Almanac
Guide · Beginner

Google: The AI Lab That Builds Everything from DNA Models to Your Phone's Assistant

GoogleBeginneractive·v3 · live·generated 6d ago

Part of these paths

TL;DRGoogle is one of the world's most prolific AI organizations, running a research lab (DeepMind) and a product empire (Gemini, Search, Android) that together touch nearly every corner of artificial intelligence. Its strategy is unusually broad: releasing powerful open-weights models anyone can download, shipping frontier closed models that compete with OpenAI and Anthropic, and applying AI to science — from cancer screening to genomics — while also becoming the infrastructure backbone for competitors like Apple and Anthropic.

Key takeaways

  • Gemini 3.5 Flash, released at Google I/O 2026, tops the APEX-Agents-AA and MMMU-Pro benchmarks among mid-tier models and supports a 1M-token context window.
  • Gemma 4 12B is an open-weights, encoder-free multimodal model released under Apache 2.0, designed to run on consumer laptops.
  • Apple announced a new AI architecture centered on Google Gemini models, deepening a partnership that puts Gemini inside one of the world's most-used device ecosystems.
  • AlphaGenome, an open-weights model, interprets the ~98% of human DNA that regulates gene expression and correctly predicted expression changes linked to T-cell leukemia.
  • Google's Aletheia agent (using Gemini 3 Deep Think) produced 4 genuinely novel solutions to previously unsolved Erdős mathematics problems out of 200 evaluated.
  • Gemini 3.1 Pro Preview leads the 899-discipline KINA knowledge benchmark at 53.17%, ahead of Claude Opus 4.6 and GPT-5.4.

What Google is, in the AI world

Google is both a technology product company and one of the most active AI research organizations on the planet. Its AI work flows through Google DeepMind, a lab formed by merging Google Brain and the original DeepMind, which produces everything from frontier language models to scientific tools that analyze DNA. On the product side, Google ships AI through Gemini (its flagship model family), Search, Android, and a growing suite of developer tools.

What makes Google unusual is the sheer range of what it does — and the fact that it simultaneously competes with and supplies infrastructure to other major AI players.

Why it matters to you

If you use Google Search, Gmail, Android, or Chrome, you are already using Google's AI. But Google's reach goes further: Apple has built a new AI architecture around Google's Gemini models, meaning Gemini may soon power Siri on iPhones. Anthropic — one of Google's main competitors — runs significant parts of its training on Google's custom chips (called TPUs) under a multi-gigawatt compute deal. In other words, Google is both a player and a piece of the infrastructure that the whole industry runs on.

The model lineup: closed and open

Google runs two parallel tracks:

Gemini is the closed, frontier track — models you access through Google's products or API. Gemini 3.1 Pro Preview currently leads the 899-discipline KINA knowledge benchmark (53.17%), edging out rivals from OpenAI and Anthropic. Gemini 3.5 Flash, released at Google I/O 2026, is a mid-tier model aimed at developers who need speed and agentic capability at a lower cost than the top tier — it tops the APEX-Agents-AA and MMMU-Pro benchmarks among Flash-class models and supports a 1M-token context window (that means it can read roughly 750,000 words in one go).
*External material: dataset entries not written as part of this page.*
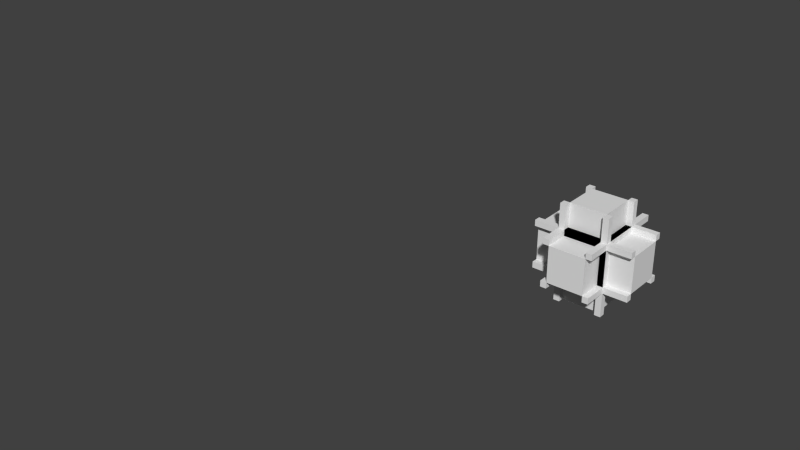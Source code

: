 # Source: jacketedbundled.blend  (saved by Blender 2.67.0; exported with 4.5.12 LTS)
import bpy
from mathutils import Matrix  # noqa: F401  (used for matrix-valued properties, if any)

bpy.ops.wm.read_factory_settings(use_empty=True)
scene = bpy.context.scene
scene.name = 'Scene'

# ---- collections
col_collection_1 = bpy.data.collections.new('Collection 1'); scene.collection.children.link(col_collection_1)

# ---- world
world_world = bpy.data.worlds.new('World'); scene.world = world_world
world_world.color = (0.05088, 0.05088, 0.05088)
world_world.use_sun_shadow = False
world_world.sun_shadow_jitter_overblur = 0.0
world_world.cycles.sampling_method = 'MANUAL'
world_world.cycles.sample_map_resolution = 256

# ---- meshes
me_wire_center_ns = bpy.data.meshes.new('wire_center_NS')
me_wire_center_ns.from_pydata([(-1.0, -1.0, -1.0), (-1.0, 1.0, -1.0), (1.0, 1.0, -1.0), (1.0, -1.0, -1.0), (-1.0, -1.0, 1.0), (-1.0, 1.0, 1.0), (1.0, 1.0, 1.0), (1.0, -1.0, 1.0)], [], [(4, 5, 1, 0), (5, 6, 2, 1), (6, 7, 3, 2), (7, 4, 0, 3), (0, 1, 2, 3), (7, 6, 5, 4)])
_uv = me_wire_center_ns.uv_layers.new(name='UVMap')
_uv.uv.foreach_set('vector', [0.6562, 0.3438, 0.6562, 0.1562, 0.8438, 0.1562, 0.8438, 0.3438, 0.3438, 0.8438, 0.3438, 0.6562, 0.1562, 0.6562, 0.1562, 0.8438, 0.8438, 0.1562, 0.8438, 0.3438, 0.6562, 0.3438, 0.6562, 0.1562, 0.1562, 0.6562, 0.1562, 0.8438, 0.3438, 0.8438, 0.3438, 0.6562, 0.3438, 0.8438, 0.1562, 0.8438, 0.1562, 0.6562, 0.3438, 0.6562, 0.1562, 0.6562, 0.3438, 0.6562, 0.3438, 0.8438, 0.1562, 0.8438])
me_wire_center_ns.use_remesh_preserve_volume = False
me_wire_center_ns.use_remesh_preserve_attributes = False
me_wire_center_ns.use_mirror_vertex_groups = False
me_wire_center_ns.update()
me_wire_center_ud = bpy.data.meshes.new('wire_center_UD')
me_wire_center_ud.from_pydata([(-1.0, -1.0, -1.0), (-1.0, 1.0, -1.0), (1.0, 1.0, -1.0), (1.0, -1.0, -1.0), (-1.0, -1.0, 1.0), (-1.0, 1.0, 1.0), (1.0, 1.0, 1.0), (1.0, -1.0, 1.0)], [], [(4, 5, 1, 0), (5, 6, 2, 1), (6, 7, 3, 2), (7, 4, 0, 3), (0, 1, 2, 3), (7, 6, 5, 4)])
_uv = me_wire_center_ud.uv_layers.new(name='UVMap')
_uv.uv.foreach_set('vector', [0.3438, 0.6562, 0.1562, 0.6562, 0.1562, 0.8438, 0.3438, 0.8438, 0.1562, 0.6562, 0.3438, 0.6562, 0.3438, 0.8438, 0.1562, 0.8438, 0.3438, 0.6562, 0.1562, 0.6562, 0.1562, 0.8438, 0.3438, 0.8438, 0.1562, 0.6562, 0.3438, 0.6562, 0.3438, 0.8438, 0.1562, 0.8438, 0.6562, 0.1562, 0.8438, 0.1562, 0.8438, 0.3438, 0.6562, 0.3438, 0.6562, 0.1562, 0.8438, 0.1562, 0.8438, 0.3438, 0.6562, 0.3438])
me_wire_center_ud.use_remesh_preserve_volume = False
me_wire_center_ud.use_remesh_preserve_attributes = False
me_wire_center_ud.use_mirror_vertex_groups = False
me_wire_center_ud.update()
me_wire_center_we = bpy.data.meshes.new('wire_center_WE')
me_wire_center_we.from_pydata([(-1.0, -1.0, -1.0), (-1.0, 1.0, -1.0), (1.0, 1.0, -1.0), (1.0, -1.0, -1.0), (-1.0, -1.0, 1.0), (-1.0, 1.0, 1.0), (1.0, 1.0, 1.0), (1.0, -1.0, 1.0)], [], [(4, 5, 1, 0), (5, 6, 2, 1), (6, 7, 3, 2), (7, 4, 0, 3), (0, 1, 2, 3), (7, 6, 5, 4)])
_uv = me_wire_center_we.uv_layers.new(name='UVMap')
_uv.uv.foreach_set('vector', [0.6562, 0.1562, 0.8438, 0.1562, 0.8438, 0.3438, 0.6562, 0.3438, 0.3438, 0.8438, 0.3438, 0.6562, 0.1562, 0.6562, 0.1562, 0.8438, 0.6562, 0.1562, 0.8438, 0.1562, 0.8438, 0.3438, 0.6562, 0.3438, 0.1562, 0.6562, 0.1562, 0.8438, 0.3438, 0.8438, 0.3438, 0.6562, 0.3438, 0.8438, 0.1562, 0.8438, 0.1562, 0.6562, 0.3438, 0.6562, 0.1562, 0.6562, 0.3438, 0.6562, 0.3438, 0.8438, 0.1562, 0.8438])
me_wire_center_we.use_remesh_preserve_volume = False
me_wire_center_we.use_remesh_preserve_attributes = False
me_wire_center_we.use_mirror_vertex_groups = False
me_wire_center_we.update()
me_frame_center_ns = bpy.data.meshes.new('frame_center_NS')
me_frame_center_ns.from_pydata([(-1.0, -0.75, -1.0), (-1.0, -1.0, -1.0), (-1.0, -1.0, -0.75), (-1.0, -0.75, -0.75), (1.0, -0.75, -1.0), (1.0, -1.0, -1.0), (1.0, -1.0, -0.75), (1.0, -0.75, -0.75), (-1.0, -0.75, 0.75), (-1.0, -1.0, 0.75), (-1.0, -1.0, 1.0), (-1.0, -0.75, 1.0), (1.0, -1.0, 0.75), (1.0, -1.0, 1.0), (1.0, -0.75, 1.0), (1.0, -0.75, 0.75), (-1.0, 0.75, 1.0), (-1.0, 1.0, 1.0), (-1.0, 1.0, 0.75), (-1.0, 0.75, 0.75), (1.0, 0.75, 1.0), (1.0, 1.0, 1.0), (1.0, 1.0, 0.75), (1.0, 0.75, 0.75), (-1.0, 0.75, -0.75), (-1.0, 1.0, -0.75), (-1.0, 1.0, -1.0), (-1.0, 0.75, -1.0), (1.0, 1.0, -1.0), (1.0, 1.0, -0.75), (1.0, 0.75, -1.0), (1.0, 0.75, -0.75)], [], [(10, 11, 8, 9), (0, 1, 2, 3), (12, 15, 14, 13), (5, 4, 7, 6), (13, 10, 9, 12), (6, 2, 1, 5), (1, 0, 4, 5), (11, 10, 13, 14), (11, 14, 15, 8), (4, 0, 3, 7), (26, 27, 24, 25), (18, 19, 16, 17), (25, 29, 28, 26), (17, 21, 22, 18), (30, 28, 29, 31), (23, 22, 21, 20), (28, 30, 27, 26), (17, 16, 20, 21), (31, 24, 27, 30), (20, 16, 19, 23), (31, 29, 25, 24), (6, 7, 3, 2), (19, 18, 22, 23), (15, 12, 9, 8)])
_uv = me_frame_center_ns.uv_layers.new(name='UVMap')
_uv.uv.foreach_set('vector', [0.8438, 0.3438, 0.875, 0.3438, 0.875, 0.375, 0.8438, 0.375, 0.8125, 0.375, 0.7812, 0.375, 0.7812, 0.3438, 0.8125, 0.3438, 0.8125, 0.3438, 0.8438, 0.3438, 0.8438, 0.375, 0.8125, 0.375, 0.6562, 0.3438, 0.6875, 0.3438, 0.6875, 0.375, 0.6562, 0.375, 0.625, 0.125, 0.875, 0.125, 0.875, 0.1562, 0.625, 0.1562, 0.625, 0.125, 0.875, 0.125, 0.875, 0.1562, 0.625, 0.1562, 0.6562, 0.375, 0.625, 0.375, 0.625, 0.125, 0.6562, 0.125, 0.875, 0.375, 0.8438, 0.375, 0.8438, 0.125, 0.875, 0.125, 0.625, 0.125, 0.875, 0.125, 0.875, 0.1562, 0.625, 0.1562, 0.625, 0.125, 0.875, 0.125, 0.875, 0.1562, 0.625, 0.1562, 0.8438, 0.375, 0.8125, 0.375, 0.8125, 0.3438, 0.8438, 0.3438, 0.6875, 0.3438, 0.7188, 0.3438, 0.7188, 0.375, 0.6875, 0.375, 0.625, 0.125, 0.875, 0.125, 0.875, 0.1562, 0.625, 0.1562, 0.625, 0.125, 0.875, 0.125, 0.875, 0.1562, 0.625, 0.1562, 0.7188, 0.3438, 0.75, 0.3438, 0.75, 0.375, 0.7188, 0.375, 0.75, 0.3438, 0.7812, 0.3438, 0.7812, 0.375, 0.75, 0.375, 0.6562, 0.375, 0.625, 0.375, 0.625, 0.125, 0.6562, 0.125, 0.6562, 0.375, 0.625, 0.375, 0.625, 0.125, 0.6562, 0.125, 0.625, 0.125, 0.875, 0.125, 0.875, 0.1562, 0.625, 0.1562, 0.625, 0.125, 0.875, 0.125, 0.875, 0.1562, 0.625, 0.1562, 0.6562, 0.375, 0.625, 0.375, 0.625, 0.125, 0.6562, 0.125, 0.875, 0.375, 0.8438, 0.375, 0.8438, 0.125, 0.875, 0.125, 0.6562, 0.375, 0.625, 0.375, 0.625, 0.125, 0.6562, 0.125, 0.6562, 0.375, 0.625, 0.375, 0.625, 0.125, 0.6562, 0.125])
me_frame_center_ns.use_remesh_preserve_volume = False
me_frame_center_ns.use_remesh_preserve_attributes = False
me_frame_center_ns.use_mirror_vertex_groups = False
me_frame_center_ns.update()
me_frame_center_ud = bpy.data.meshes.new('frame_center_UD')
me_frame_center_ud.from_pydata([(-1.0, -0.75, -1.0), (-1.0, -1.0, -1.0), (-1.0, -1.0, -0.75), (-1.0, -0.75, -0.75), (1.0, -0.75, -1.0), (1.0, -1.0, -1.0), (1.0, -1.0, -0.75), (1.0, -0.75, -0.75), (-1.0, -0.75, 0.75), (-1.0, -1.0, 0.75), (-1.0, -1.0, 1.0), (-1.0, -0.75, 1.0), (1.0, -1.0, 0.75), (1.0, -1.0, 1.0), (1.0, -0.75, 1.0), (1.0, -0.75, 0.75), (-1.0, 0.75, 1.0), (-1.0, 1.0, 1.0), (-1.0, 1.0, 0.75), (-1.0, 0.75, 0.75), (1.0, 0.75, 1.0), (1.0, 1.0, 1.0), (1.0, 1.0, 0.75), (1.0, 0.75, 0.75), (-1.0, 0.75, -0.75), (-1.0, 1.0, -0.75), (-1.0, 1.0, -1.0), (-1.0, 0.75, -1.0), (1.0, 1.0, -1.0), (1.0, 1.0, -0.75), (1.0, 0.75, -1.0), (1.0, 0.75, -0.75)], [], [(10, 11, 8, 9), (0, 1, 2, 3), (12, 15, 14, 13), (5, 4, 7, 6), (13, 10, 9, 12), (6, 2, 1, 5), (1, 0, 4, 5), (11, 10, 13, 14), (11, 14, 15, 8), (4, 0, 3, 7), (26, 27, 24, 25), (18, 19, 16, 17), (25, 29, 28, 26), (17, 21, 22, 18), (30, 28, 29, 31), (23, 22, 21, 20), (28, 30, 27, 26), (17, 16, 20, 21), (31, 24, 27, 30), (20, 16, 19, 23), (31, 29, 25, 24), (6, 7, 3, 2), (19, 18, 22, 23), (15, 12, 9, 8)])
_uv = me_frame_center_ud.uv_layers.new(name='UVMap')
_uv.uv.foreach_set('vector', [0.8438, 0.3438, 0.875, 0.3438, 0.875, 0.375, 0.8438, 0.375, 0.8125, 0.375, 0.7812, 0.375, 0.7812, 0.3438, 0.8125, 0.3438, 0.8125, 0.3438, 0.8438, 0.3438, 0.8438, 0.375, 0.8125, 0.375, 0.6562, 0.3438, 0.6875, 0.3438, 0.6875, 0.375, 0.6562, 0.375, 0.625, 0.125, 0.875, 0.125, 0.875, 0.1562, 0.625, 0.1562, 0.625, 0.125, 0.875, 0.125, 0.875, 0.1562, 0.625, 0.1562, 0.6562, 0.375, 0.625, 0.375, 0.625, 0.125, 0.6562, 0.125, 0.875, 0.375, 0.8438, 0.375, 0.8438, 0.125, 0.875, 0.125, 0.625, 0.125, 0.875, 0.125, 0.875, 0.1562, 0.625, 0.1562, 0.625, 0.125, 0.875, 0.125, 0.875, 0.1562, 0.625, 0.1562, 0.8438, 0.375, 0.8125, 0.375, 0.8125, 0.3438, 0.8438, 0.3438, 0.6875, 0.3438, 0.7188, 0.3438, 0.7188, 0.375, 0.6875, 0.375, 0.625, 0.125, 0.875, 0.125, 0.875, 0.1562, 0.625, 0.1562, 0.625, 0.125, 0.875, 0.125, 0.875, 0.1562, 0.625, 0.1562, 0.7188, 0.3438, 0.75, 0.3438, 0.75, 0.375, 0.7188, 0.375, 0.75, 0.3438, 0.7812, 0.3438, 0.7812, 0.375, 0.75, 0.375, 0.6562, 0.375, 0.625, 0.375, 0.625, 0.125, 0.6562, 0.125, 0.6562, 0.375, 0.625, 0.375, 0.625, 0.125, 0.6562, 0.125, 0.625, 0.125, 0.875, 0.125, 0.875, 0.1562, 0.625, 0.1562, 0.625, 0.125, 0.875, 0.125, 0.875, 0.1562, 0.625, 0.1562, 0.6562, 0.375, 0.625, 0.375, 0.625, 0.125, 0.6562, 0.125, 0.875, 0.375, 0.8438, 0.375, 0.8438, 0.125, 0.875, 0.125, 0.6562, 0.375, 0.625, 0.375, 0.625, 0.125, 0.6562, 0.125, 0.6562, 0.375, 0.625, 0.375, 0.625, 0.125, 0.6562, 0.125])
me_frame_center_ud.use_remesh_preserve_volume = False
me_frame_center_ud.use_remesh_preserve_attributes = False
me_frame_center_ud.use_mirror_vertex_groups = False
me_frame_center_ud.update()
me_frame_center_we = bpy.data.meshes.new('frame_center_WE')
me_frame_center_we.from_pydata([(-1.0, -0.75, -1.0), (-1.0, -1.0, -1.0), (-1.0, -1.0, -0.75), (-1.0, -0.75, -0.75), (1.0, -0.75, -1.0), (1.0, -1.0, -1.0), (1.0, -1.0, -0.75), (1.0, -0.75, -0.75), (-1.0, -0.75, 0.75), (-1.0, -1.0, 0.75), (-1.0, -1.0, 1.0), (-1.0, -0.75, 1.0), (1.0, -1.0, 0.75), (1.0, -1.0, 1.0), (1.0, -0.75, 1.0), (1.0, -0.75, 0.75), (-1.0, 0.75, 1.0), (-1.0, 1.0, 1.0), (-1.0, 1.0, 0.75), (-1.0, 0.75, 0.75), (1.0, 0.75, 1.0), (1.0, 1.0, 1.0), (1.0, 1.0, 0.75), (1.0, 0.75, 0.75), (-1.0, 0.75, -0.75), (-1.0, 1.0, -0.75), (-1.0, 1.0, -1.0), (-1.0, 0.75, -1.0), (1.0, 1.0, -1.0), (1.0, 1.0, -0.75), (1.0, 0.75, -1.0), (1.0, 0.75, -0.75)], [], [(10, 11, 8, 9), (0, 1, 2, 3), (12, 15, 14, 13), (5, 4, 7, 6), (13, 10, 9, 12), (6, 2, 1, 5), (1, 0, 4, 5), (11, 10, 13, 14), (11, 14, 15, 8), (4, 0, 3, 7), (26, 27, 24, 25), (18, 19, 16, 17), (25, 29, 28, 26), (17, 21, 22, 18), (30, 28, 29, 31), (23, 22, 21, 20), (28, 30, 27, 26), (17, 16, 20, 21), (31, 24, 27, 30), (20, 16, 19, 23), (31, 29, 25, 24), (6, 7, 3, 2), (19, 18, 22, 23), (15, 12, 9, 8)])
_uv = me_frame_center_we.uv_layers.new(name='UVMap')
_uv.uv.foreach_set('vector', [0.8438, 0.3438, 0.875, 0.3438, 0.875, 0.375, 0.8438, 0.375, 0.8125, 0.375, 0.7812, 0.375, 0.7812, 0.3438, 0.8125, 0.3438, 0.8125, 0.3438, 0.8438, 0.3438, 0.8438, 0.375, 0.8125, 0.375, 0.6562, 0.3438, 0.6875, 0.3438, 0.6875, 0.375, 0.6562, 0.375, 0.625, 0.125, 0.875, 0.125, 0.875, 0.1562, 0.625, 0.1562, 0.625, 0.125, 0.875, 0.125, 0.875, 0.1562, 0.625, 0.1562, 0.6562, 0.375, 0.625, 0.375, 0.625, 0.125, 0.6562, 0.125, 0.875, 0.375, 0.8438, 0.375, 0.8438, 0.125, 0.875, 0.125, 0.625, 0.125, 0.875, 0.125, 0.875, 0.1562, 0.625, 0.1562, 0.625, 0.125, 0.875, 0.125, 0.875, 0.1562, 0.625, 0.1562, 0.8438, 0.375, 0.8125, 0.375, 0.8125, 0.3438, 0.8438, 0.3438, 0.6875, 0.3438, 0.7188, 0.3438, 0.7188, 0.375, 0.6875, 0.375, 0.625, 0.125, 0.875, 0.125, 0.875, 0.1562, 0.625, 0.1562, 0.625, 0.125, 0.875, 0.125, 0.875, 0.1562, 0.625, 0.1562, 0.7188, 0.3438, 0.75, 0.3438, 0.75, 0.375, 0.7188, 0.375, 0.75, 0.3438, 0.7812, 0.3438, 0.7812, 0.375, 0.75, 0.375, 0.6562, 0.375, 0.625, 0.375, 0.625, 0.125, 0.6562, 0.125, 0.6562, 0.375, 0.625, 0.375, 0.625, 0.125, 0.6562, 0.125, 0.625, 0.125, 0.875, 0.125, 0.875, 0.1562, 0.625, 0.1562, 0.625, 0.125, 0.875, 0.125, 0.875, 0.1562, 0.625, 0.1562, 0.6562, 0.375, 0.625, 0.375, 0.625, 0.125, 0.6562, 0.125, 0.875, 0.375, 0.8438, 0.375, 0.8438, 0.125, 0.875, 0.125, 0.6562, 0.375, 0.625, 0.375, 0.625, 0.125, 0.6562, 0.125, 0.6562, 0.375, 0.625, 0.375, 0.625, 0.125, 0.6562, 0.125])
me_frame_center_we.use_remesh_preserve_volume = False
me_frame_center_we.use_remesh_preserve_attributes = False
me_frame_center_we.use_mirror_vertex_groups = False
me_frame_center_we.update()
me_frame_center = bpy.data.meshes.new('frame_center')
me_frame_center.from_pydata([(-1.0, 0.75, 0.75), (-1.0, 1.0, 1.0), (-1.0, 1.0, -1.0), (-1.0, 0.75, -0.75), (-0.75, 0.75, 0.75), (-0.75, 0.75, -0.75), (-1.0, -1.0, 1.0), (-1.0, -0.75, 0.75), (-0.75, 1.0, -0.75), (-0.75, 1.0, 0.75), (-1.0, -1.0, -1.0), (-1.0, -0.75, -0.75), (-0.75, -0.75, 1.0), (1.0, -1.0, 1.0), (-0.75, 0.75, 1.0), (1.0, 1.0, 1.0), (0.75, -0.75, 1.0), (0.75, 0.75, 1.0), (1.0, 1.0, -1.0), (0.75, 1.0, -0.75), (0.75, 1.0, 0.75), (-0.75, -0.75, -1.0), (1.0, -1.0, -1.0), (-0.75, 0.75, -1.0), (0.75, -0.75, -1.0), (0.75, 0.75, -1.0), (-0.75, -0.75, 0.75), (-0.75, -0.75, -0.75), (-0.75, 0.75, -0.75), (0.75, 0.75, -0.75), (0.75, 0.75, 0.75), (0.75, -1.0, 0.75), (-0.75, -1.0, 0.75), (1.0, -0.75, 0.75), (1.0, 0.75, 0.75), (-0.75, -1.0, -0.75), (1.0, -0.75, -0.75), (1.0, 0.75, -0.75), (0.75, -1.0, -0.75), (0.75, -0.75, 0.75), (0.75, -0.75, 0.75), (0.75, 0.75, 0.75), (-0.75, -0.75, -0.75), (0.75, -0.75, -0.75)], [], [(0, 1, 2, 3), (0, 7, 6, 1), (11, 10, 6, 7), (11, 3, 2, 10), (9, 1, 15, 20), (18, 19, 20, 15), (8, 2, 1, 9), (18, 2, 8, 19), (33, 34, 15, 13), (37, 18, 15, 34), (36, 33, 13, 22), (36, 22, 18, 37), (31, 38, 22, 13), (6, 32, 31, 13), (10, 22, 38, 35), (10, 35, 32, 6), (18, 22, 24, 25), (23, 2, 18, 25), (22, 10, 21, 24), (21, 10, 2, 23), (16, 13, 15, 17), (15, 1, 14, 17), (12, 6, 13, 16), (1, 6, 12, 14), (34, 41, 29, 37), (4, 0, 3, 5), (36, 43, 39, 33), (27, 11, 7, 26), (28, 29, 5), (5, 11, 28), (11, 27, 28), (43, 36, 37, 29), (3, 11, 5), (26, 7, 4), (33, 39, 40, 34), (40, 41, 34), (7, 0, 4), (40, 39, 26), (8, 9, 4, 5), (42, 27, 26, 32), (32, 35, 42), (29, 41, 30, 19), (30, 20, 19), (39, 43, 38, 31), (5, 29, 19, 8), (35, 38, 43, 42), (4, 9, 20, 30), (39, 31, 32, 26), (27, 42, 23, 28), (42, 21, 23), (12, 26, 4, 14), (43, 29, 25, 24), (30, 41, 16, 17), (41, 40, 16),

Gemma is the open track — models anyone can download and run. The Gemma family has grown from the original release in early 2024 through Gemma 2, Gemma 3, and now Gemma 4. The latest, Gemma 4 12B, is notable for an "encoder-free" design that handles images and text in a single unified architecture, and it's licensed under Apache 2.0, meaning businesses can use it freely. It's designed to run on a consumer laptop, not just a data center.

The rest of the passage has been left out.